Bond yields and world stocks fall on renewed US-China trade-war fears

London — Fears of an escalating trade dispute between the US and China spread from Asian markets to Europe on Thursday, triggering a fall in bonds yields and stocks, particularly among exporters.

Germany’s blue-chip index DAX 30, which is seen as a trade-war proxy, fell 1.1% about an hour after the open while the broader pan-European STOXX 600 was down about 0.5%. Eurozone government bond yields edged down with borrowing costs in Germany and France pulling back from seven-week highs as demand for safe-haven debt grew after the US administration increased pressure on China by proposing a higher 25% tariff on $200bn worth of Chinese imports.

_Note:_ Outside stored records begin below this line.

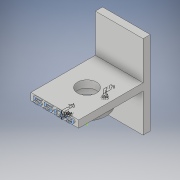
# Autodesk Inventor part: RSL mount
Saved by Autodesk Inventor 2019 (Build 230136000, 136)
## iProperties
Created: 2019-02-11
Part Number: RSL mount
Material: Generic
Document SubType Name: Modeling
Designer: josh
Density: 1 g/cm^3
Appearance: Default
Author: josh
Autodesk Inventor part; units mm, degrees
ref_plane "XZ Plane" through (0, 0, 0) normal (0, 1, 0) x (-1, 0, 0)
ref_plane "XY Plane" through (0, 0, 0) normal (0, 0, 1) x (1, 0, 0)
sketch "Sketch1" plane through (0, 0, 0) normal (0, 0, 1) x (1, 0, 0)
  line L0 (0, 0) -> (50.8, 0)
  line L1 (50.8, 0) -> (50.8, 88.9)
  line L2 (50.8, 88.9) -> (0, 88.9)
  line L3 (0, 88.9) -> (0, 0)
  line L4 (0, 88.9) -> (0, 48.26)
  line L5 (0, 0) -> (0, 40.64)
  line L6 (0, 40.64) -> (50.8, 40.64)
  line L7 (50.8, 48.26) -> (0, 48.26)
  dimension "d0" = 50.8
  dimension "d1" = 88.9
  dimension "d2" = 40.64
  dimension "d3" = 40.64
  constraints: 16 end point, 4 point on line, 3 perpendicular, 2 parallel, 1 horizontal
  measures "d0" distance of L2.end L1.end
  measures "d1" distance of L1.end L0.end
  measures "d2" distance of L2.end L4.end
  measures "d3" distance of L0.start L5.end
extrude "Extrusion1" add sketch "Sketch1" along normal blind 7.62
extrude "Extrusion2" add sketch "Sketch1" along normal blind 76.2 contours L3 L7 L1 L6
sketch "Sketch3" plane through (0, 48.26, 7.62) normal (0, 1, 0) x (1, 0, 0)
  line L0 (0, 0) -> (0, -68.58) projected
  line L1 (0, -34.29) -> (50.8, -34.29)
  line L2 (50.8, 0) -> (50.8, -68.58) projected
  circle A0 centre (25.4, -34.29) radius 10.16
  point P0 (0, 7.62)
  dimension "d8" = 20.32
  constraints: 3 midpoint, 2 end point, 1 centre point
  measures "d8" diameter of A0
extrude "Extrusion3" cut sketch "Sketch3" against normal blind 50.8
sketch "Sketch4" plane through (0, 0, 76.2) normal (0, 0, 1) x (1, 0, 0)
  line L0 (2.1147, 47.7276) -> (47.8791, 47.7276) construction
  line L1 (47.8791, 47.7276) -> (47.8791, 41.3797) construction
  line L2 (47.8791, 41.3797) -> (2.1147, 41.3797) construction
  line L3 (2.1147, 41.3797) -> (2.1147, 47.7276) construction
  spline S0 degree 2 poles (12.464, 43.4446) (12.464, 43.005) (11.7576, 42.2541) (11.1253, 41.9774) knots 0 0 0 1 2 2 2
  spline S1 degree 2 poles (11.1253, 41.9774) (10.4781, 41.7008) (8.5664, 41.3797) (7.3758, 41.3797) knots 0 0 0 1 2 2 2
  spline S2 degree 2 poles (7.3758, 41.3797) (6.2791, 41.3797) (4.1598, 41.5724) (3.3843, 41.7255) knots 0 0 0 1 2 2 2
  line L4 (3.3843, 41.7255) -> (3.3843, 42.59)
  line L5 (3.3843, 42.59) -> (3.5275, 42.59)
  spline S3 degree 2 poles (3.5275, 42.59) (3.7646, 42.5208) (4.644, 42.343) (5.1775, 42.264) knots 0 0 0 1 2 2 2
  spline S4 degree 2 poles (5.1775, 42.264) (5.7802, 42.18) (6.783, 42.0861) (7.4054, 42.0861) knots 0 0 0 1 2 2 2
  spline S5 degree 2 poles (7.4054, 42.0861) (8.018, 42.0861) (9.1888, 42.264) (9.6087, 42.4566) knots 0 0 0 1 2 2 2
  spline S6 degree 2 poles (9.6087, 42.4566) (9.9841, 42.6394) (10.3843, 43.1235) (10.3843, 43.4496) knots 0 0 0 1 2 2 2
  spline S7 degree 2 poles (10.3843, 43.4496) (10.3843, 43.7756) (9.9446, 44.1906) (9.5247, 44.3289) knots 0 0 0 1 2 2 2
  spline S8 degree 2 poles (9.5247, 44.3289) (9.0851, 44.482) (7.8056, 44.6105) (7.0152, 44.6105) knots 0 0 0 1 2 2 2
  spline S9 degree 2 poles (7.0152, 44.6105) (6.1853, 44.6105) (4.5106, 44.5067) (4.0067, 44.4623) knots 0 0 0 1 2 2 2
  line L6 (4.0067, 44.4623) -> (4.0067, 47.6041)
  line L7 (4.0067, 47.6041) -> (12.3702, 47.6041)
  line L8 (12.3702, 47.6041) -> (12.3702, 46.8878)
  line L9 (12.3702, 46.8878) -> (5.9827, 46.8878)
  line L10 (5.9827, 46.8878) -> (5.9827, 45.2626)
  spline S10 degree 2 poles (5.9827, 45.2626) (6.3532, 45.2823) (7.0695, 45.2971) (7.3659, 45.2971) knots 0 0 0 1 2 2 2
  spline S11 degree 2 poles (7.3659, 45.2971) (8.5318, 45.2971) (10.1521, 45.144) (10.898, 44.9168) knots 0 0 0 1 2 2 2
  spline S12 degree 2 poles (10.898, 44.9168) (11.6539, 44.6895) (12.464, 43.9979) (12.464, 43.4446) knots 0 0 0 1 2 2 2
  spline S13 degree 2 poles (23.9052, 43.4446) (23.9052, 43.005) (23.1987, 42.2541) (22.5664, 41.9774) knots 0 0 0 1 2 2 2
  spline S14 degree 2 poles (22.5664, 41.9774) (21.9193, 41.7008) (20.0075, 41.3797) (18.8169, 41.3797) knots 0 0 0 1 2 2 2
  spline S15 degree 2 poles (18.8169, 41.3797) (17.7202, 41.3797) (15.601, 41.5724) (14.8254, 41.7255) knots 0 0 0 1 2 2 2
  line L11 (14.8254, 41.7255) -> (14.8254, 42.59)
  line L12 (14.8254, 42.59) -> (14.9686, 42.59)
  spline S16 degree 2 poles (14.9686, 42.59) (15.2058, 42.5208) (16.0851, 42.343) (16.6186, 42.264) knots 0 0 0 1 2 2 2
  spline S17 degree 2 poles (16.6186, 42.264) (17.2213, 42.18) (18.2241, 42.0861) (18.8466, 42.0861) knots 0 0 0 1 2 2 2
  spline S18 degree 2 poles (18.8466, 42.0861) (19.4591, 42.0861) (20.6299, 42.264) (21.0498, 42.4566) knots 0 0 0 1 2 2 2
  spline S19 degree 2 poles (21.0498, 42.4566) (21.4253, 42.6394) (21.8254, 43.1235) (21.8254, 43.4496) knots 0 0 0 1 2 2 2
  spline S20 degree 2 poles (21.8254, 43.4496) (21.8254, 43.7756) (21.3857, 44.1906) (20.9658, 44.3289) knots 0 0 0 1 2 2 2
  spline S21 degree 2 poles (20.9658, 44.3289) (20.5262, 44.482) (19.2467, 44.6105) (18.4563, 44.6105) knots 0 0 0 1 2 2 2
  spline S22 degree 2 poles (18.4563, 44.6105) (17.6264, 44.6105) (15.9517, 44.5067) (15.4478, 44.4623) knots 0 0 0 1 2 2 2
  line L13 (15.4478, 44.4623) -> (15.4478, 47.6041)
  line L14 (15.4478, 47.6041) -> (23.8113, 47.6041)
  line L15 (23.8113, 47.6041) -> (23.8113, 46.8878)
  line L16 (23.8113, 46.8878) -> (17.4238, 46.8878)
  line L17 (17.4238, 46.8878) -> (17.4238, 45.2626)
  spline S23 degree 2 poles (17.4238, 45.2626) (17.7943, 45.2823) (18.5106, 45.2971) (18.807, 45.2971) knots 0 0 0 1 2 2 2
  spline S24 degree 2 poles (18.807, 45.2971) (19.9729, 45.2971) (21.5932, 45.144) (22.3392, 44.9168) knots 0 0 0 1 2 2 2
  spline S25 degree 2 poles (22.3392, 44.9168) (23.095, 44.6895) (23.9052, 43.9979) (23.9052, 43.4446) knots 0 0 0 1 2 2 2
  spline S26 degree 2 poles (35.5883, 44.5561) (35.5883, 42.9161) (33.2023, 41.3797) (30.7175, 41.3797) knots 0 0 0 1 2 2 2
  spline S27 degree 2 poles (30.7175, 41.3797) (28.198, 41.3797) (25.8466, 42.9457) (25.8466, 44.5512) knots 0 0 0 1 2 2 2
  spline S28 degree 2 poles (25.8466, 44.5512) (25.8466, 46.2012) (28.2326, 47.7276) (30.7175, 47.7276) knots 0 0 0 1 2 2 2
  spline S29 degree 2 poles (30.7175, 47.7276) (33.2369, 47.7276) (35.5883, 46.1468) (35.5883, 44.5561) knots 0 0 0 1 2 2 2
  spline S30 degree 2 poles (32.9652, 42.6987) (33.2616, 43) (33.5086, 43.9288) (33.5086, 44.5561) knots 0 0 0 1 2 2 2
  spline S31 degree 2 poles (33.5086, 44.5561) (33.5086, 45.1835) (33.2616, 46.1073) (32.9553, 46.4185) knots 0 0 0 1 2 2 2
  spline S32 degree 2 poles (32.9553, 46.4185) (32.649, 46.7298) (31.577, 47.0509) (30.7175, 47.0509) knots 0 0 0 1 2 2 2
  spline S33 degree 2 poles (30.7175, 47.0509) (29.8678, 47.0509) (28.776, 46.7298) (28.4599, 46.4087) knots 0 0 0 1 2 2 2
  spline S34 degree 2 poles (28.4599, 46.4087) (28.1536, 46.0974) (27.9263, 45.1489) (27.9263, 44.5512) knots 0 0 0 1 2 2 2
  spline S35 degree 2 poles (27.9263, 44.5512) (27.9263, 43.909) (28.119, 43.0494) (28.45, 42.7135) knots 0 0 0 1 2 2 2
  spline S36 degree 2 poles (28.45, 42.7135) (28.7464, 42.3973) (29.8381, 42.0565) (30.7175, 42.0565) knots 0 0 0 1 2 2 2
  spline S37 degree 2 poles (30.7175, 42.0565) (31.5671, 42.0565) (32.6589, 42.3776) (32.9652, 42.6987) knots 0 0 0 1 2 2 2
  spline S38 degree 2 poles (37.1247, 45.6232) (37.1247, 46.0925) (37.8904, 46.873) (38.5573, 47.1546) knots 0 0 0 1 2 2 2
  spline S39 degree 2 poles (38.5573, 47.1546) (39.1896, 47.4263) (41.0224, 47.7276) (41.9659, 47.7276) knots 0 0 0 1 2 2 2
  spline S40 degree 2 poles (41.9659, 47.7276) (43.0181, 47.7276) (44.7274, 47.4461) (45.3498, 47.1793) knots 0 0 0 1 2 2 2
  spline S41 degree 2 poles (45.3498, 47.1793) (46.1402, 46.8434) (47.0097, 45.7566) (47.0097, 44.9217) knots 0 0 0 1 2 2 2
  spline S42 degree 2 poles (47.0097, 44.9217) (47.0097, 44.1659) (46.16, 42.8123) (45.3301, 42.3628) knots 0 0 0 1 2 2 2
  spline S43 degree 2 poles (45.3301, 42.3628) (44.4507, 41.8885) (41.9857, 41.3896) (40.1727, 41.3896) knots 0 0 0 1 2 2 2
  spline S44 degree 2 poles (40.1727, 41.3896) (39.7627, 41.3896) (38.8438, 41.4242) (38.4437, 41.4736) knots 0 0 0 1 2 2 2
  line L18 (38.4437, 41.4736) -> (38.4437, 42.259)
  line L19 (38.4437, 42.259) -> (38.5474, 42.259)
  spline S45 degree 2 poles (38.5474, 42.259) (38.8043, 42.1997) (39.8862, 42.096) (40.4493, 42.096) knots 0 0 0 1 2 2 2
  spline S46 degree 2 poles (40.4493, 42.096) (42.455, 42.096) (44.7521, 43.1532) (44.9052, 44.1313) knots 0 0 0 1 2 2 2
  spline S47 degree 2 poles (44.9052, 44.1313) (44.0852, 43.909) (42.5982, 43.7065) (41.7288, 43.7065) knots 0 0 0 1 2 2 2
  spline S48 degree 2 poles (41.7288, 43.7065) (40.8791, 43.7065) (39.491, 43.8547) (38.7845, 44.0671) knots 0 0 0 1 2 2 2
  spline S49 degree 2 poles (38.7845, 44.0671) (37.9645, 44.319) (37.1247, 45.0847) (37.1247, 45.6232) knots 0 0 0 1 2 2 2
  spline S50 degree 2 poles (44.9546, 45.1045) (44.9546, 45.722) (44.3816, 46.5025) (43.8826, 46.7149) knots 0 0 0 1 2 2 2
  spline S51 degree 2 poles (43.8826, 46.7149) (43.4282, 46.9125) (42.5093, 47.0607) (41.956, 47.0607) knots 0 0 0 1 2 2 2
  spline S52 degree 2 poles (41.956, 47.0607) (40.6963, 47.0607) (39.2044, 46.3395) (39.2044, 45.6578) knots 0 0 0 1 2 2 2
  spline S53 degree 2 poles (39.2044, 45.6578) (39.2044, 45.2724) (39.6935, 44.7735) (40.2468, 44.5957) knots 0 0 0 1 2 2 2
  spline S54 degree 2 poles (40.2468, 44.5957) (40.637, 44.4672) (41.6201, 44.3832) (42.1833, 44.3832) knots 0 0 0 1 2 2 2
  spline S55 degree 2 poles (42.1833, 44.3832) (42.8354, 44.3832) (44.3519, 44.566) (44.9151, 44.7192) knots 0 0 0 1 2 2 2
  spline S56 degree 2 poles (44.9151, 44.7192) (44.925, 44.7784) (44.9546, 44.981) (44.9546, 45.1045) knots 0 0 0 1 2 2 2
  point P0 (0, 0)
  constraints: 2 other
emboss "Emboss1" sketch "Sketch4" operation add depth 1.27 direction (0, 0, -1)
ref_plane "Work Plane1" through (25.4, 0, 0) normal (1, 0, 0) x (0, 1, 0)
sketch "Sketch5" plane through (25.4, 0, 0) normal (1, 0, 0) x (0, 1, 0)
  line L0 (40.64, 56.014) -> (32.131, 56.014)
  line L1 (40.64, 27.806) -> (32.131, 27.806)
  line L2 (40.64, 56.014) -> (40.64, 62.364)
  line L3 (32.131, 62.364) -> (32.131, 56.014)
  line L4 (32.131, 27.806) -> (32.131, 21.456)
  line L5 (32.131, 62.364) -> (36.3855, 62.364)
  line L6 (36.3855, 62.364) -> (36.3855, 61.094)
  line L7 (36.3855, 61.094) -> (33.8455, 61.094)
  line L8 (33.8455, 61.094) -> (33.8455, 59.189)
  line L9 (33.8455, 59.189) -> (38.1635, 59.189)
  line L10 (38.1635, 59.189) -> (38.1635, 62.364)
  line L11 (38.1635, 21.456) -> (38.1635, 24.631)
  line L12 (38.1635, 24.631) -> (33.8455, 24.631)
  line L13 (33.8455, 24.631) -> (33.8455, 22.726)
  line L14 (33.8455, 22.726) -> (36.3855, 22.726)
  line L15 (36.3855, 22.726) -> (36.3855, 21.456)
  line L16 (40.64, 41.91) -> (13.3619, 41.91)
  line L17 (40.64, 21.456) -> (38.1635, 21.456)
  line L18 (36.3855, 21.456) -> (32.131, 21.456)
  line L19 (40.64, 62.364) -> (38.1635, 62.364)
  line L20 (36.3855, 62.364) -> (32.131, 62.364)
  line L21 (40.64, 21.456) -> (40.64, 27.806)
  point P0 (0, 0)
  dimension "d15" = 8.509
  dimension "d18" = 6.35
  dimension "d19" = 1.27
  dimension "d20" = 2.54
  dimension "d21" = 4.318
  dimension "d22" = 3.175
  dimension "d23" = 4.318
  dimension "d25" = 1.27
  constraints: 44 end point, 8 perpendicular, 3 vertical, 2 horizontal, 1 collinear, 1 parallel
  measures "d15" distance of L0.start L0.end
  measures "d18" distance of L0.start L2.end
  measures "d19" distance of L5.end L6.end
  measures "d20" distance of L6.end L7.end
  measures "d21" distance of L8.end L9.end
  measures "d22" distance of L11.start L11.end
  measures "d23" distance of L11.end L12.end
  measures "d25" distance of L14.end L15.end
revolve "Revolution1" add sketch "Sketch5" angle 15 about axis through (25.4, 40.64, 41.91) along (0, -1, 0)
ref_plane "Work Plane2" through (20.1061, 38.1635, 61.667) normal (-0.9659258, 0, -0.258819) x (0, -1, 0)
sketch "Sketch6" plane through (20.1061, 38.1635, 61.667) normal (-0.9659258, 0, -0.258819) x (0, -1, 0)
  line L0 (-2.4765, -6.35) -> (-2.4765, 0) projected
  line L1 (-2.4765, -6.35) -> (6.0325, -6.35) projected
  line L2 (6.0325, -6.35) -> (6.0325, 0) projected
  line L3 (6.0325, 0) -> (1.778, 0) projected
  line L4 (1.778, 0) -> (1.778, -1.27) projected
  line L5 (1.778, -1.27) -> (4.318, -1.27) projected
  line L6 (4.318, -1.27) -> (4.318, -3.175) projected
  line L7 (4.318, -3.175) -> (0, -3.175) projected
  line L8 (0, -3.175) -> (0, 0) projected
  line L9 (0, 0) -> (-2.4765, 0) projected
  line L10 (1.778, 0) -> (1.778, -1.27) projected
  line L11 (1.778, -1.27) -> (1.778, -3.175)
  line L12 (1.778, 0) -> (1.778, -1.27)
  line L13 (-2.4765, -6.35) -> (6.0325, -6.35)
  line L14 (6.0325, -6.35) -> (6.0325, 0)
  line L15 (-2.4765, 0) -> (-2.4765, -6.35)
  line L16 (6.0325, 0) -> (1.778, 0)
  line L17 (0, 0) -> (-2.4765, 0)
  line L18 (0, -3.175) -> (0, 0) projected
  line L19 (1.778, -3.175) -> (0, -3.175)
  line L20 (0, -3.175) -> (0, 0)
  line L21 (-2.4765, -34.558) -> (6.0325, -34.558) projected
  line L22 (6.0325, -34.558) -> (6.0325, -40.908) projected
  line L23 (6.0325, -40.908) -> (1.778, -40.908) projected
  line L24 (1.778, -40.908) -> (1.778, -39.638) projected
  line L25 (1.778, -39.638) -> (4.318, -39.638) projected
  line L26 (4.318, -39.638) -> (4.318, -37.733) projected
  line L27 (4.318, -37.733) -> (0, -37.733) projected
  line L28 (0, -37.733) -> (0, -40.908) projected
  line L29 (0, -40.908) -> (-2.4765, -40.908) projected
  line L30 (-2.4765, -34.558) -> (-2.4765, -40.908) projected
  line L31 (1.778, -40.908) -> (1.778, -37.733)
  line L32 (4.318, -37.733) -> (0, -37.733) projected
  line L33 (1.778, -37.733) -> (0, -37.733)
  line L34 (0, -37.733) -> (0, -40.908)
  line L35 (-2.4765, -34.558) -> (6.0325, -34.558)
  line L36 (6.0325, -34.558) -> (6.0325, -40.908)
  line L37 (-2.4765, -40.908) -> (-2.4765, -34.558)
  line L38 (6.0325, -40.908) -> (1.778, -40.908)
  line L39 (0, -40.908) -> (-2.4765, -40.908)
  line L40 (-2.4765, 0) -> (-2.4765, -40.908)
  line L41 (-2.4765, -47.0016) -> (-2.4765, 19.2416) projected
  line L42 (-2.4765, -20.454) -> (9.1387, -20.454)
  point P0 (38.1635, -54.3619)
  constraints: 39 end point, 6 parallel, 6 perpendicular, 4 horizontal, 2 collinear, 2 point on line, 1 midpoint, 1 vertical
revolve "Revolution2" add sketch "Sketch6" angle 20 about axis through (25.4, 40.64, 41.91) along (0, -1, 0)
ref_plane "Work Plane3" through (25.4, 36.3855, 62.364) normal (-1, 0, 0) x (0, -1, 0)
sketch "Sketch7" plane through (25.4, 36.3855, 62.364) normal (-1, 0, 0) x (0, -1, 0)
  line L0 (-4.2545, 0) -> (-4.2545, -6.35) projected
  line L1 (-4.2545, 0) -> (-1.778, 0) projected
  line L2 (0, 0) -> (4.2545, 0) projected
  line L3 (4.2545, 0) -> (4.2545, -6.35) projected
  line L4 (4.2545, -6.35) -> (-4.2545, -6.35) projected
  line L5 (-4.2545, -34.558) -> (4.2545, -34.558) projected
  line L6 (-4.2545, -40.908) -> (-4.2545, -34.558) projected
  line L7 (-1.778, -40.908) -> (-4.2545, -40.908) projected
  line L8 (4.2545, -40.908) -> (0, -40.908) projected
  line L9 (4.2545, -34.558) -> (4.2545, -40.908) projected
  line L10 (-4.2545, 0) -> (4.2545, 0)
  line L11 (4.2545, 0) -> (4.2545, -6.35)
  line L12 (4.2545, -6.35) -> (-4.2545, -6.35)
  line L13 (-4.2545, -6.35) -> (-4.2545, 0)
  line L14 (-4.2545, -40.908) -> (4.2545, -40.908)
  line L15 (4.2545, -40.908) -> (4.2545, -34.558)
  line L16 (4.2545, -34.558) -> (-4.2545, -34.558)
  line L17 (-4.2545, -34.558) -> (-4.2545, -40.908)
  line L18 (-4.2545, -40.908) -> (-4.2545, 0)
  line L19 (-4.2545, -20.454) -> (4.2545, -20.454)
  point P0 (36.3855, -62.364)
  point P1 (-1.778, -3.175)
  constraints: 20 end point, 4 parallel, 3 horizontal, 2 perpendicular, 1 midpoint, 1 vertical
revolve "Revolution3" add sketch "Sketch7" angle 130 about axis through (25.4, 40.64, 41.91) along (0, 1, 0)
ref_plane "Work Plane4" through (13.6681, 36.3855, 58.6649) normal (-0.819152, 0, -0.5735764) x (0, -1, 0)
sketch "Sketch8" plane through (13.6681, 36.3855, 58.6649) normal (-0.819152, 0, -0.5735764) x (0, -1, 0)
  line L0 (0, -3.175) -> (-1.778, -3.175) projected
  line L1 (-1.778, -3.175) -> (-1.778, 0) projected
  line L2 (-1.778, 0) -> (-4.2545, 0) projected
  line L3 (-4.2545, -6.35) -> (-4.2545, 0) projected
  line L4 (-4.2545, -6.35) -> (4.2545, -6.35) projected
  line L5 (4.2545, -6.35) -> (4.2545, 0) projected
  line L6 (4.2545, 0) -> (0, 0) projected
  line L7 (0, 0) -> (0, -3.175) projected
  line L8 (0, -40.908) -> (0, -37.733) projected
  line L9 (0, -37.733) -> (-1.778, -37.733) projected
  line L10 (-1.778, -37.733) -> (-1.778, -40.908) projected
  line L11 (-1.778, -40.908) -> (-4.2545, -40.908) projected
  line L12 (-4.2545, -34.558) -> (-4.2545, -40.908) projected
  line L13 (-4.2545, -34.558) -> (4.2545, -34.558) projected
  line L14 (4.2545, -34.558) -> (4.2545, -40.908) projected
  line L15 (4.2545, -40.908) -> (0, -40.908) projected
  line L16 (-1.778, -37.733) -> (-1.778, -34.6081) projected
  line L17 (-1.778, -37.733) -> (4.2545, -37.733)
  line L18 (4.2545, -34.558) -> (-4.2545, -34.558)
  line L19 (4.2545, -40.908) -> (0, -40.908) projected
  line L20 (-4.2545, -34.558) -> (-4.2545, -40.908) projected
  line L21 (-4.2545, -40.908) -> (-1.778, -40.908)
  line L22 (-1.778, -37.733) -> (-1.778, -40.908)
  line L23 (-4.2545, -6.35) -> (4.2545, -6.35) projected
  line L24 (4.2545, -6.35) -> (-4.2545, -6.35)
  line L25 (-4.2545, -6.35) -> (-4.2545, 0)
  line L26 (-1.778, 0) -> (-1.778, -3.175)
  line L27 (0, -3.175) -> (-1.778, -3.175) projected
  line L28 (-1.778, -3.175) -> (4.2545, -3.175)
  line L29 (4.2545, -6.35) -> (4.2545, 0) projected
  line L30 (4.2545, -3.175) -> (4.2545, -6.35)
  line L31 (-1.778, -40.908) -> (-4.2545, -40.908) projected
  line L32 (-4.2545, -40.908) -> (-4.2545, 0)
  line L33 (-4.2545, -20.454) -> (21.1387, -20.454)
  point P0 (36.3855, -40.2158)
  constraints: 22 end point, 3 collinear, 3 midpoint, 3 perpendicular, 1 horizontal, 1 parallel
revolve "Revolution4" add sketch "Sketch8" angle 15 about axis through (25.4, 40.64, 41.91) along (0, -1, 0) contours L28 L5 L4 L3 L2 L1 L0 | L9 L10 L11 L12 L13 L14 L17
body "Solid1"

MSCI’s broadest index of Asia-Pacific shares outside Japan closed 1.6% down, dragged down by a 1.8% fall in Chinese H-shares.

Analysts blame the current retreat in world stock markets on the uncertainty around the trade policy of the Trump administration, while recent corporate results are seen as encouraging.

“One needs to have a strong gut feeling to invest in this environment and, in August, I doubt many people will have one” said Hervé Goulletquer, deputy head of research at France’s La Banque Postale Asset Management in Paris. He added that investors badly need a “framework of interpretation” to read through the trade statements of the Trump administration and the poor visibility on that front was holding markets back.

The pound was slightly down at $1.3086 ahead of an expected rate hike by the Bank of England (BOE) later in the day. While a rate hike is widely expected and mostly priced in, analysts warned clients not to be complacent as the market reaction would probably be tough to read.

“While a failure to act would, in all likelihood, trigger a sharp sell-off in the pound, given the rate rise is already priced in,” said Michael Hewson of CMC Markets, “we could well see some sterling weakness in any case if the bank is overly dovish in its guidance.”

The US Federal Reserve kept interest rates unchanged on Wednesday, as expected, characterising the US economy as strong and staying on track to increase borrowing costs in September and likely again in December.

Oil prices steadied after losses over the past two days from a surprise increase in US crude inventories and renewed concerns over trade friction between the US and China. Brent crude futures were up flat at $72.39 a barrel by 8.54am GMT, after dropping 2.5% on Wednesday.